## About this task:
Quote exactly and only this range of lines in the data below: the line that holds "Line((3.81, 1.27), (0.117342346, 1.27))" to the line that holds "Circle(F0_R, mode=Mode.SUBTRACT)", both included.

## Provided data:
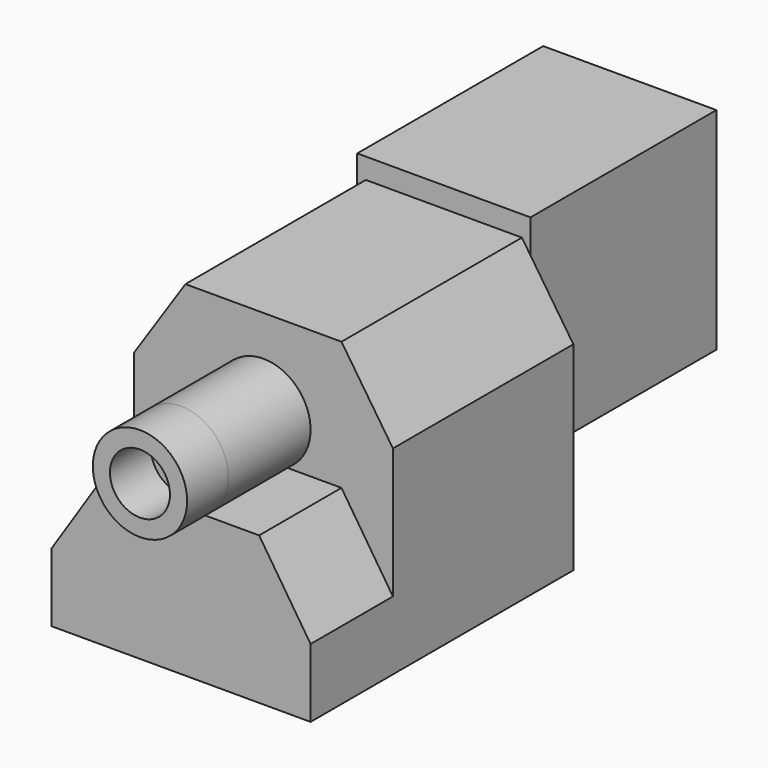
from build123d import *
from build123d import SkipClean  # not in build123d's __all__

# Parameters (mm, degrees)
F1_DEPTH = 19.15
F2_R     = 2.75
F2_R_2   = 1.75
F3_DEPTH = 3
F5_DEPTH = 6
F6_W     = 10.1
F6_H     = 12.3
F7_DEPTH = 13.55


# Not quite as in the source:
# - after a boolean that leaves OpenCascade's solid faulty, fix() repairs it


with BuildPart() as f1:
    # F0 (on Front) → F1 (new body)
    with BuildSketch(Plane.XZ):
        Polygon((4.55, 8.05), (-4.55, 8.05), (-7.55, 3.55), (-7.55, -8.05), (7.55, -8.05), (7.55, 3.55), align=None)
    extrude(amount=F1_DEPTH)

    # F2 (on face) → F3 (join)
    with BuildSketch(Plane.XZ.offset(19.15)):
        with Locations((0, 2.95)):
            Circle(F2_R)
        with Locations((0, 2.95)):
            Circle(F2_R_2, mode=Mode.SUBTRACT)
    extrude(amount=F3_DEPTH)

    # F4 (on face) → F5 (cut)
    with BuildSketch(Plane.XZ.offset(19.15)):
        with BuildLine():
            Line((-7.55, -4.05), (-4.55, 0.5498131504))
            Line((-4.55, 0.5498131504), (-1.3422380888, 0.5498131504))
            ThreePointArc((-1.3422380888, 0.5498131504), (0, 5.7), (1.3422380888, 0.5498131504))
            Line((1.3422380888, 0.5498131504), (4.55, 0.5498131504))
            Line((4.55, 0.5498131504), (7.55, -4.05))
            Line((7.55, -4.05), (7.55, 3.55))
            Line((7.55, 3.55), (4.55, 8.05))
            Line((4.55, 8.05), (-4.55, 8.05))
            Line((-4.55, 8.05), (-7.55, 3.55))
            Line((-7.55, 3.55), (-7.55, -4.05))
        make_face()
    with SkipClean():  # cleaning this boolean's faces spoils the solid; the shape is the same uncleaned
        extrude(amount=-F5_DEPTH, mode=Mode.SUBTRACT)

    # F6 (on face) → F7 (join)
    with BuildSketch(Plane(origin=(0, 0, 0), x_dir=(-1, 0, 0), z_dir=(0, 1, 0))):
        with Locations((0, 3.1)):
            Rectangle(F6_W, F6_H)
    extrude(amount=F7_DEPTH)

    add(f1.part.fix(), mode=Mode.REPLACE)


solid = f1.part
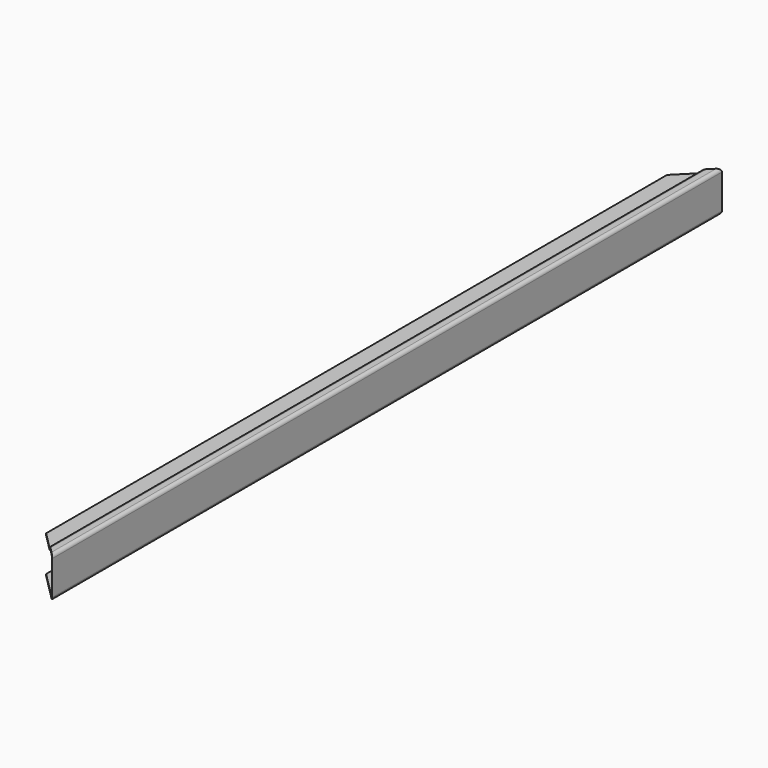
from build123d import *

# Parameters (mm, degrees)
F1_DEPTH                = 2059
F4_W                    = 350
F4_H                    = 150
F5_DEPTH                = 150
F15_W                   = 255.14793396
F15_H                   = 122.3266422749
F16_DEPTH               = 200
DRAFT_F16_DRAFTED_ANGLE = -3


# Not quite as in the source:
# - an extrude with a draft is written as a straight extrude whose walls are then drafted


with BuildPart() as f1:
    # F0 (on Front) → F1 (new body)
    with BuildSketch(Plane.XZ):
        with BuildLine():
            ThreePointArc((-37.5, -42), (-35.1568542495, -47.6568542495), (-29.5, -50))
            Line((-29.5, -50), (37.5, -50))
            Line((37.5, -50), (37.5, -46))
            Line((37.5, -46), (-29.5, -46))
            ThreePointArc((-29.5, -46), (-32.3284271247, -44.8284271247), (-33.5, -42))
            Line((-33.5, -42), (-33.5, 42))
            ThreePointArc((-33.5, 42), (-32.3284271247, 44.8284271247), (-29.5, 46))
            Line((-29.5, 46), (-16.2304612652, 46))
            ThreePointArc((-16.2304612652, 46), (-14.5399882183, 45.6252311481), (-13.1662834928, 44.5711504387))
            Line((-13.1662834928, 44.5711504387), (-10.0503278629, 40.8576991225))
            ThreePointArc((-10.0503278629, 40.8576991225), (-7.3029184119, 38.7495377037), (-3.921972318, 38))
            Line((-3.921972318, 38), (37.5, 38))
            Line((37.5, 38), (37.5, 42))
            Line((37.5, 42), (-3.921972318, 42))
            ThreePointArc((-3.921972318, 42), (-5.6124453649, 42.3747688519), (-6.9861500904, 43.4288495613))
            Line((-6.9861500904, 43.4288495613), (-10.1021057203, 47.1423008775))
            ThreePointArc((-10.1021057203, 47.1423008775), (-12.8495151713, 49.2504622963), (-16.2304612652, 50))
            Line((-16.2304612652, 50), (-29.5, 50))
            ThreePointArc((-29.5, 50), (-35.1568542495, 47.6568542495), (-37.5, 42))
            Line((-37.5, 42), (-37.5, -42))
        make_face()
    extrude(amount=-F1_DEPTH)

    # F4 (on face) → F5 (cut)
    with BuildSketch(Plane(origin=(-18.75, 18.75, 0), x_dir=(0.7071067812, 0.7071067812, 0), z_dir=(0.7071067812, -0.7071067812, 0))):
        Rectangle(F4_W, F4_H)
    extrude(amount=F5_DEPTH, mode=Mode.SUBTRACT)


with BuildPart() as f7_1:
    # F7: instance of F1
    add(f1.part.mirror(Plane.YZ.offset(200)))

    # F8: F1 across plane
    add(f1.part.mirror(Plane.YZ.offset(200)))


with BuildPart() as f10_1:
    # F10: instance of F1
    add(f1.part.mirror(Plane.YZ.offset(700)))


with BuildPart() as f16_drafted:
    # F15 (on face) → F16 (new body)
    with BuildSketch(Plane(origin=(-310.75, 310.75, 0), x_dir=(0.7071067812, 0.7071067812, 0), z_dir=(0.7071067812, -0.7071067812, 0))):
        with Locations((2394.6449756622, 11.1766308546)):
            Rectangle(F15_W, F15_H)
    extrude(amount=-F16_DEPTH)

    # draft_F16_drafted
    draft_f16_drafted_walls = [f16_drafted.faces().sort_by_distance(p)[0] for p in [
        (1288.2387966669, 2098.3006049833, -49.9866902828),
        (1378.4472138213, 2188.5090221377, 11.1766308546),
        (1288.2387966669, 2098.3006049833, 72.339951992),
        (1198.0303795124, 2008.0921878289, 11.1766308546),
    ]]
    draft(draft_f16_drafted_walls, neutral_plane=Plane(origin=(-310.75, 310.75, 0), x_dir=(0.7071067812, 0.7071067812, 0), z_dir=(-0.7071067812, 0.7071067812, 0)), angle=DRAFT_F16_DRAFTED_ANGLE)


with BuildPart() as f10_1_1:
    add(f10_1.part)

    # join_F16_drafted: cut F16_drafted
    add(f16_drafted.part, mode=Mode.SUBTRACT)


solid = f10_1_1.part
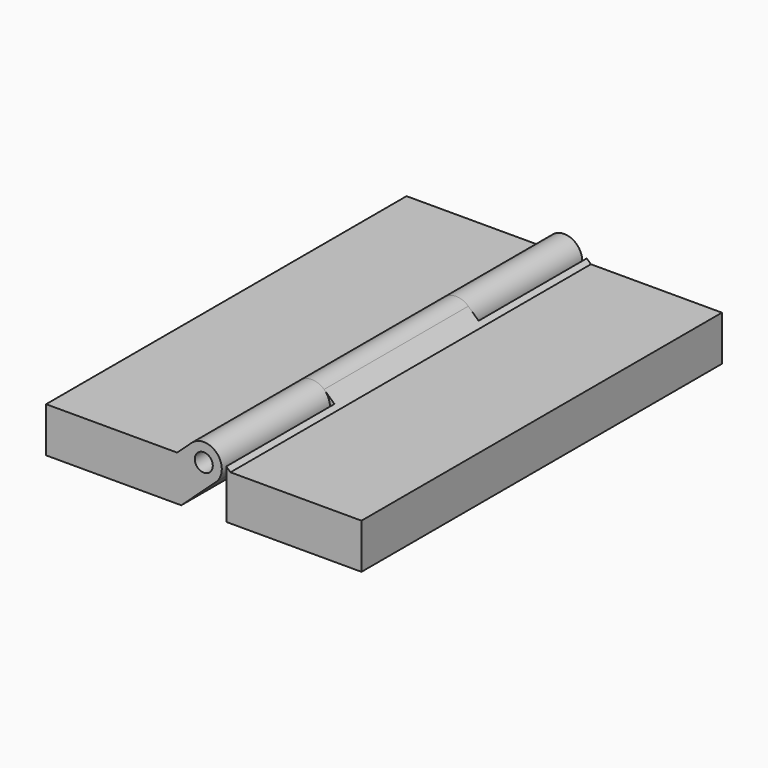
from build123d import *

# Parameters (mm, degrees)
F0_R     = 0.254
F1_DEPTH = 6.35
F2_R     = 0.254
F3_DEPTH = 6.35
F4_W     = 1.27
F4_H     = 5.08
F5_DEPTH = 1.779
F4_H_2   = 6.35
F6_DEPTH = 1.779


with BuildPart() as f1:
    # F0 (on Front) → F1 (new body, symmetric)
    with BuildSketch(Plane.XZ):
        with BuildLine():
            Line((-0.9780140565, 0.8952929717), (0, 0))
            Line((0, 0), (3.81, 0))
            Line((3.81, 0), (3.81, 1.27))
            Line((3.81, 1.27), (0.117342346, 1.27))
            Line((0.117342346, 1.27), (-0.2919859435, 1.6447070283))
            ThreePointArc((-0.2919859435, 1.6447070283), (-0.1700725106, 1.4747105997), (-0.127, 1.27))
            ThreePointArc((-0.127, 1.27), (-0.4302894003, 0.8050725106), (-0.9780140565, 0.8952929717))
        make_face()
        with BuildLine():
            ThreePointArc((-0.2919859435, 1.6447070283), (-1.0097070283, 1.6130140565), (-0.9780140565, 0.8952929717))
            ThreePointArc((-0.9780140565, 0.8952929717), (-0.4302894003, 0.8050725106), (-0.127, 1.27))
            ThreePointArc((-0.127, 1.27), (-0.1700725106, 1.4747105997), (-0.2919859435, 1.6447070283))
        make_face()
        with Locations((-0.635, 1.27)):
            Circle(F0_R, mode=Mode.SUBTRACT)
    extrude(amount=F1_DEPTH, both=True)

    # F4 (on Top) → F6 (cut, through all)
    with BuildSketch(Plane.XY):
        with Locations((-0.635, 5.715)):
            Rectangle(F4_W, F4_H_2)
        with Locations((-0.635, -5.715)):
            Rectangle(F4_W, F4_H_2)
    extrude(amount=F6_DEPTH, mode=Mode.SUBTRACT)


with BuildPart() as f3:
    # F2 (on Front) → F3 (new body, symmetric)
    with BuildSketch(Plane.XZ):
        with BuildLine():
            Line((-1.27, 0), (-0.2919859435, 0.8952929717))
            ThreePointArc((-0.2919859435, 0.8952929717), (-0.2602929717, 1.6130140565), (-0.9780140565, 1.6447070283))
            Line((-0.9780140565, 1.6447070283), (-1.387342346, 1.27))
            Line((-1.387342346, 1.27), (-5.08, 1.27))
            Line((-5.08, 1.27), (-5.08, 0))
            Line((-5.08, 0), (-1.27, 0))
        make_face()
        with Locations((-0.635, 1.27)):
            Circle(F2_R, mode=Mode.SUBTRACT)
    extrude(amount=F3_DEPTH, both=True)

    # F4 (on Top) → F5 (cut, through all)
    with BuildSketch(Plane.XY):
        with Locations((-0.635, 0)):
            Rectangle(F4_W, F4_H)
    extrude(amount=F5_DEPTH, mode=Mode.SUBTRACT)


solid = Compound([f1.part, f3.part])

## Written reply:
            Line((3.81, 1.27), (0.117342346, 1.27))
            Line((0.117342346, 1.27), (-0.2919859435, 1.6447070283))
            ThreePointArc((-0.2919859435, 1.6447070283), (-0.1700725106, 1.4747105997), (-0.127, 1.27))
            ThreePointArc((-0.127, 1.27), (-0.4302894003, 0.8050725106), (-0.9780140565, 0.8952929717))
        make_face()
        with BuildLine():
            ThreePointArc((-0.2919859435, 1.6447070283), (-1.0097070283, 1.6130140565), (-0.9780140565, 0.8952929717))
            ThreePointArc((-0.9780140565, 0.8952929717), (-0.4302894003, 0.8050725106), (-0.127, 1.27))
            ThreePointArc((-0.127, 1.27), (-0.1700725106, 1.4747105997), (-0.2919859435, 1.6447070283))
        make_face()
        with Locations((-0.635, 1.27)):
            Circle(F0_R, mode=Mode.SUBTRACT)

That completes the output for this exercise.